Pr A. H. : Oui, bien sûr. Avec la nouvelle vague Covid, il faut s’attendre à de nouveaux retards d’intervention et à des déprogrammations. Cela se joue à une échelle individuelle, celle du patient, et on a l’impression que la population dans son ensemble ne perçoit pas les pertes de chance. Je ne sais pas comment cela va se passer dans les prochaines semaines. C’est pour celà que l’on est très inquiet. Est-ce que les patients vont déborder sur les trottoirs à un moment ? C’est l’émotion qui peut faire basculer tout le monde. Aux hôpitaux universitaires de Strasbourg, par exemple, les soignants font une minute de silence tous les vendredis pour dénoncer leurs mauvaises conditions de travail. Cette manifestation de détresse est très spectaculaire et pourrait faire tache d’huile. Et puis, nous vivons des épisodes aberrants. A chaque réunion de médecins, on parle de certification des établissements, une obligation que les hôpitaux doivent remplir chaque année. On nous invite à nous assurer de la qualité et la sécurité des soins avec de multiples indicateurs, des mesures de la douleur… Mais quand on a une infirmière de nuit pour 16 lits, tout ceci nous apparaît comme complètement absurde ! Un seul indicateur n’apparaît pas, c’est le ratio de personnel pour tant de patients… Cette ineptie commence à nous faire réfléchir à boycotter la certification.
Face à la pression épidémique, le gouvernement va activer le plan blanc national. Qu’est-ce que cela va changer ponctuellement ? Cela va-t-il permettre de réorganiser les équipes ou au contraire cela risque-t-il de déstabiliser encore plus l’hôpital ?

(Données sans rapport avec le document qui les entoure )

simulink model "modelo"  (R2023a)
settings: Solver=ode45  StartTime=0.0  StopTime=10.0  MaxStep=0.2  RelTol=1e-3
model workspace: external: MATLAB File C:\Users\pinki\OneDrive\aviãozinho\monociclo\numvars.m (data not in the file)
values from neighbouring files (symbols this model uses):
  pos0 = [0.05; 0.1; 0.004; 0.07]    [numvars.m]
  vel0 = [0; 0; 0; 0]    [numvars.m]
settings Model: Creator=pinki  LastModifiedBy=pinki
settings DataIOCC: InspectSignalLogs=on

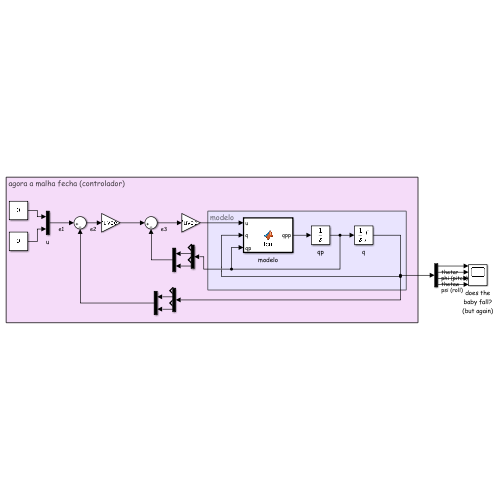
[thumbnail: Simulink's stored preview of the top-level diagram]
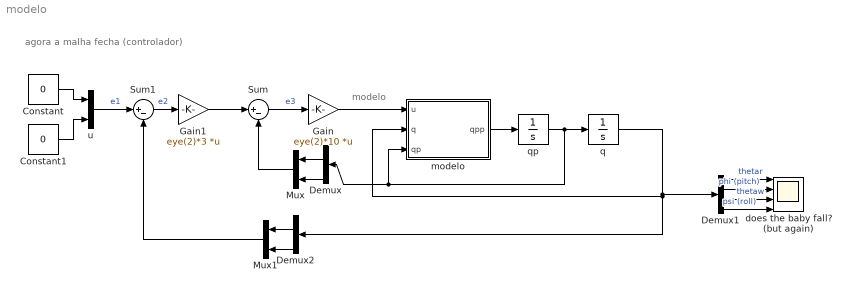
== system modelo ==
  note: modelo
  note: agora a malha fecha (controlador)
  Constant : Constant  Value=0
  Constant1 : Constant  Value=0
  Demux : Demux
  Demux1 : Demux
  Demux2 : Demux
  Gain : Gain  Gain=eye(2)*10  Multiplication=Matrix(K*u) (u vector)
  Gain1 : Gain  Gain=eye(2)*3  Multiplication=Matrix(K*u) (u vector)
  Mux : Mux  Inputs=2
  Mux1 : Mux  Inputs=2
  Sum : Sum  Inputs=|+-
  Sum1 : Sum  Inputs=|+-
  does the baby fall? (but again) : Scope  NumInputPorts=4
  modelo : MATLAB Function  Description=nonlinear model  TreatAsAtomicUnit=on
  q : Integrator  InitialCondition=pos0  LimitOutput=on  UpperSaturationLimit=[inf; pi/2; inf; pi/2]  LowerSaturationLimit=-[inf; pi/2; inf; pi/2]  ContinuousStateAttributes='q'
  qp : Integrator  InitialCondition=vel0  ContinuousStateAttributes='qp'
  u : Mux  Inputs=2
  wires:
  Sum/1 -> Gain/1  "e3"
  modelo/1(qpp) -> qp/1
  Sum1/1 -> Gain1/1  "e2"
  u/1 -> Sum1/1  "e1"
  qp/1 -> modelo/3(qp), Demux/1, q/1
  Demux1/1 -> does the baby fall? (but again)/1  "thetar"
  Demux1/2 -> does the baby fall? (but again)/2  "phi (pitch)"
  Demux1/3 -> does the baby fall? (but again)/3  "thetaw"
  Demux1/4 -> does the baby fall? (but again)/4  "psi (roll)"
  Demux/2 -> Mux/1
  Demux/4 -> Mux/2
  Mux/1 -> Sum/2
  Demux2/4 -> Mux1/2
  Mux1/1 -> Sum1/2
  q/1 -> Demux2/1, modelo/2(q), Demux1/1
  Demux2/2 -> Mux1/1
  Constant/1 -> u/1
  Constant1/1 -> u/2
  Gain/1 -> modelo/1(u)
  Gain1/1 -> Sum/1

== matlab function modelo/modelo ==
  data: qpp output; u input; q input; qp input
function qpp = fcn(u,q,qp)
qpp = zeros(4,1);

mono = monociclo;
psi = q(4);
psip = qp(4);

phi = q(2);
phip = qp(2);

thetar = q(1);
thetarp = qp(1);

thetaw = q(3);
thetawp = qp(4);

m11 = mono.jr;
m12 = m11;
m21 = m11;
m22 = (mono.jbw+mono.jr+(mono.mb+mono.mr+mono.mw)*mono.rw^2 ...
+2*(mono.l*(mono.mb*mono.rw+mono.mr*mono.rw)+mono.mr*mono.rw*mono.d)*cos(psi)...
+(mono.l^2*(mono.mb+mono.mr)+mono.mr*mono.d^2+2*mono.l*mono.mr*mono.d)*cos(psi)^2);
m33 = mono.jw+(mono.mb+mono.mr+mono.mw)*mono.rw^2;
m34 = mono.rw*cos(psi)*(mono.mr*mono.d+mono.l*mono.mb+mono.l*mono.mr);
m43 = m34;
m44 = mono.jbr+mono.mb*mono.l^2+mono.mr*mono.l^2+mono.mr*mono.d^2 ...
    +2*mono.l*mono.mr*mono.d;

M = zeros(4,4);
    M(1,1) = m11;
    M(1,2) = m12;
    M(2,1) = m21;
    M(2,2) = m22;
    M(3,3) = m33;
    M(3,4) = m34;
    M(4,3) = m43;
    M(4,4) = m44;

v1 = (mono.ker*mono.ktr*mono.nr*(mono.nr*thetarp))/mono.rer ...
     - mono.bvr*thetar;
v2 = -(mono.ker*mono.ktr*mono.nr*(mono.nr*thetarp))/mono.rer ...
     - 2*(mono.l*mono.mb+mono.mr*mono.d)*mono.rw*phip*psip*sin(psi) ...
     - (mono.mr*mono.l^2+mono.mb*mono.l^2+mono.mr*mono.d^2+2*mono.l*mono.mr*mono.d)*phip*psip*sin(2*psi) ...
     - mono.bvr*thetar;
v3 = (mono.ker*mono.ktw*mono.nw*(mono.nw*thetawp-psip))/mono.rew ...
    + (mono.l*mono.mb+mono.d*mono.mr+mono.l*mono.mr)*mono.rw*psip^2*sin(psi) ...
    + mono.bvw*thetaw;
v4 = -(mono.ker*mono.ktw*mono.nw*(mono.nw*thetawp-psip))/mono.rew ...
    + (mono.l*mono.mb+mono.d*mono.mr+mono.l*mono.mr)*mono.rw*phip^2*sin(psi) ...
    + (sin(2*psi)*phip^2*((mono.mb*mono.l^2)+(mono.mr*mono.l^2) ...
    + (mono.mr*mono.d^2))/2+mono.l*mono.mr*mono.d)+mono.bvw*thetaw;

V = zeros(4,1);
    V(1) = v1;
    V(2) = v2;
    V(3) = v3;
    V(4) = v4;

g2 = -mono.g*sin(phi)*((mono.mb+mono.mr+mono.mw)*mono.rw+(mono.l*mono.mb ...
    + mono.l*mono.mr + mono.mr*mono.d)*cos(psi));
g4 = -mono.g*cos(phi)*sin(psi)*(mono.mr*mono.d+mono.l*mono.mb+mono.l*mono.mr);

G = zeros(4,1);
    G(2) = g2;
    G(4) = g4;

p11 = (12*mono.ktr*mono.nr)/mono.rr;
p12 = -p11;
p23 = (12*mono.ktw*mono.nw)/mono.rw;
p24 = -p23;

P = zeros(4,2);
    P(1,1) = p11;
    P(2,1) = p12;
    P(3,2) = p23;
    P(4,2) = p24;
    
qpp = M\(-V-G+P*u);

Pr A. H. : Cela va davantage nous déstabiliser. J’ai entendu parler d’un service qui devait fermer ses lits de semaine entre Noël et le jour de l’An et à qui on demande de les laisser ouverts pour recevoir des patients Covid et non-Covid. Il y a beaucoup d’afflux aux urgences de patients non-Covid et la fermeture des lits est très problématique pour eux ! Du coup, on commence à demander au personnel de ne pas prendre ses vacances. C’était un service qui avait encore du personnel. Si on empêche ces soignants de partir en vacances, ils risquent de partir ! Le plan blanc va aggraver la pénurie de personnel.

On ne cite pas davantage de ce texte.